To check if the time series are stationary, we use an ADF test. Table 6 shows in the first column p-values before differencing, while the values in the second column are p-values after differencing in first order. In the first column, the ADF test has a high p-value for most of the variables, which indicates non-stationarity, while after differentiating in the first order we get a P-value of 1% and no unit roots. This means that the data is now stationary and the 𝐻0, which is that the data contain unit roots, can be rejected. In the further analyses, the variables will be used after differencing and log transformation.
Multicollinearity
Correlation
Port SP USD EUR OSEBX Int Prod Bio
Port 1
SP 0.207 1
USD -0.268 0.046 1
EUR -0.205 0.075 0.598 1
OSEBX 0.418 0.069 -0.463 -0.331 1
Int 0.161 0.068 -0.362 -0.291 0.220 1
Vol -0.171 -0.247 0.086 0.120 -0.026 0.046 1
Bio -0.117 -0.230 -0.028 0.019 -0.096 0.005 0.202 1
Table 7: Correlation matrix for the data
Table 7 presents the correlation matrix of the data over the sample period. As expected, the portfolio has the highest correlation with OSEBX, with a positive correlation of 0.418. In addition to OSEBX, spot price, and interest rate have a positive correlation to the portfolio. The correlation between all the variables is below 0.5, except for the two exchange rates with each other, which have a correlation of 0.598. Steen & Jacobsen (2020) also find a high correlation between the exchange rates in their study. It is according to theory that there is a connection between these, since exchange rates should reflect the economic situation in a country and NOK is included in both quotations.
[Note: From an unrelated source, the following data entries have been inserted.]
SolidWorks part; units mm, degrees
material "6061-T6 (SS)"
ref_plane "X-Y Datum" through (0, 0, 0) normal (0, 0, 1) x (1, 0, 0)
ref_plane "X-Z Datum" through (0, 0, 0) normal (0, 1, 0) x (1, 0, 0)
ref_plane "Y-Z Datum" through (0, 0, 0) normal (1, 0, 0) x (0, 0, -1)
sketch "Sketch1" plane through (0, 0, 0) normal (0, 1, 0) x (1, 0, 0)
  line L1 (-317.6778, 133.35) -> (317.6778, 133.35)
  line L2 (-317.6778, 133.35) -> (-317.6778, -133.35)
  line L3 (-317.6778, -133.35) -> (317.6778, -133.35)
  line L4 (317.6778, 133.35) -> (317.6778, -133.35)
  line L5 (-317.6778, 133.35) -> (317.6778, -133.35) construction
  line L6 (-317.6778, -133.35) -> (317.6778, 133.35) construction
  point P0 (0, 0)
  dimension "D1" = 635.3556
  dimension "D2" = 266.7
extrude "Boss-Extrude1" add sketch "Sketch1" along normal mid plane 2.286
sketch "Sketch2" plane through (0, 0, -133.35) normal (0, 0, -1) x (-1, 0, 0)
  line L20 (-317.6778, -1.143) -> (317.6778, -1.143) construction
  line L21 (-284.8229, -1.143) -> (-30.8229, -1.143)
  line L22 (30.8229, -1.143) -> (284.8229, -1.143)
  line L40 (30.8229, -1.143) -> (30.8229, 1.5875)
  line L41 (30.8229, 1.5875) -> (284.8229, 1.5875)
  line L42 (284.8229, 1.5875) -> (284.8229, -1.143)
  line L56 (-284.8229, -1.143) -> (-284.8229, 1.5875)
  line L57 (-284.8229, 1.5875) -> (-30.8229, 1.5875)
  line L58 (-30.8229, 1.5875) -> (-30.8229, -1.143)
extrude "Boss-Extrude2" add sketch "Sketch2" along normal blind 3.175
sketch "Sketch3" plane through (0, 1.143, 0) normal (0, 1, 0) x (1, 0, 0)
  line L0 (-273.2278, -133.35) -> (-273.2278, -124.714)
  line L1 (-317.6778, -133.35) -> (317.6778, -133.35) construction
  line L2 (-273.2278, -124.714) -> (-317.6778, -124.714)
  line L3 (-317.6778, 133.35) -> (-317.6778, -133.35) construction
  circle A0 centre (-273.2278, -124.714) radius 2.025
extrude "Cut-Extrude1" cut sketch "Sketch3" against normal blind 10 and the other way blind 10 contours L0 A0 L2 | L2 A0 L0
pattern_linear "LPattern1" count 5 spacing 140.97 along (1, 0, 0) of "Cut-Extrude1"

The correlation coefficients between most variables indicate that we should not have any problems with multicollinearity. Nevertheless, we want to check the variables for multicollinearity, especially the exchange rates. We test the variables through the Variance Inflation Factor (VIF) test. Table 8 shows that all values are below the level that is considered problematic, therefore we do not expect multicollinearity to be a problem for our models. Thus, we use all the included variables in the further analyses.
Model 1 Model 2
Variable VIF 1/VIF VIF 1/VIF
SP 1.14 0.87 1.09 0.92
USD 1.88 0.53 1.93 0.52
EUR 1.61 0.62 1.60 0.63
OSEBX 1.32 0.76 1.31 0.77
Int 1.19 0.84 1.20 0.84
Prod 1.13 0.88 1.09 0.92
Bio 1.10 0.91 1.09 0.91
Table 8: VIF test
Autocorrelation
To test for autocorrelation in model 1 and model 2, we use Durbin-Watson (DW) test and Breusch-Godfrey (BG) test. To find critical values for the DW test, we use the DW significance table. We find that the lower critical value, 𝑑𝐿, is 1.5446, and the upper critical value, 𝑑𝑈, is 1.7268. Thus, 4 − 𝑑𝑈 and 4 − 𝑑𝐿 become 2.2732 and 2.4554, respectively.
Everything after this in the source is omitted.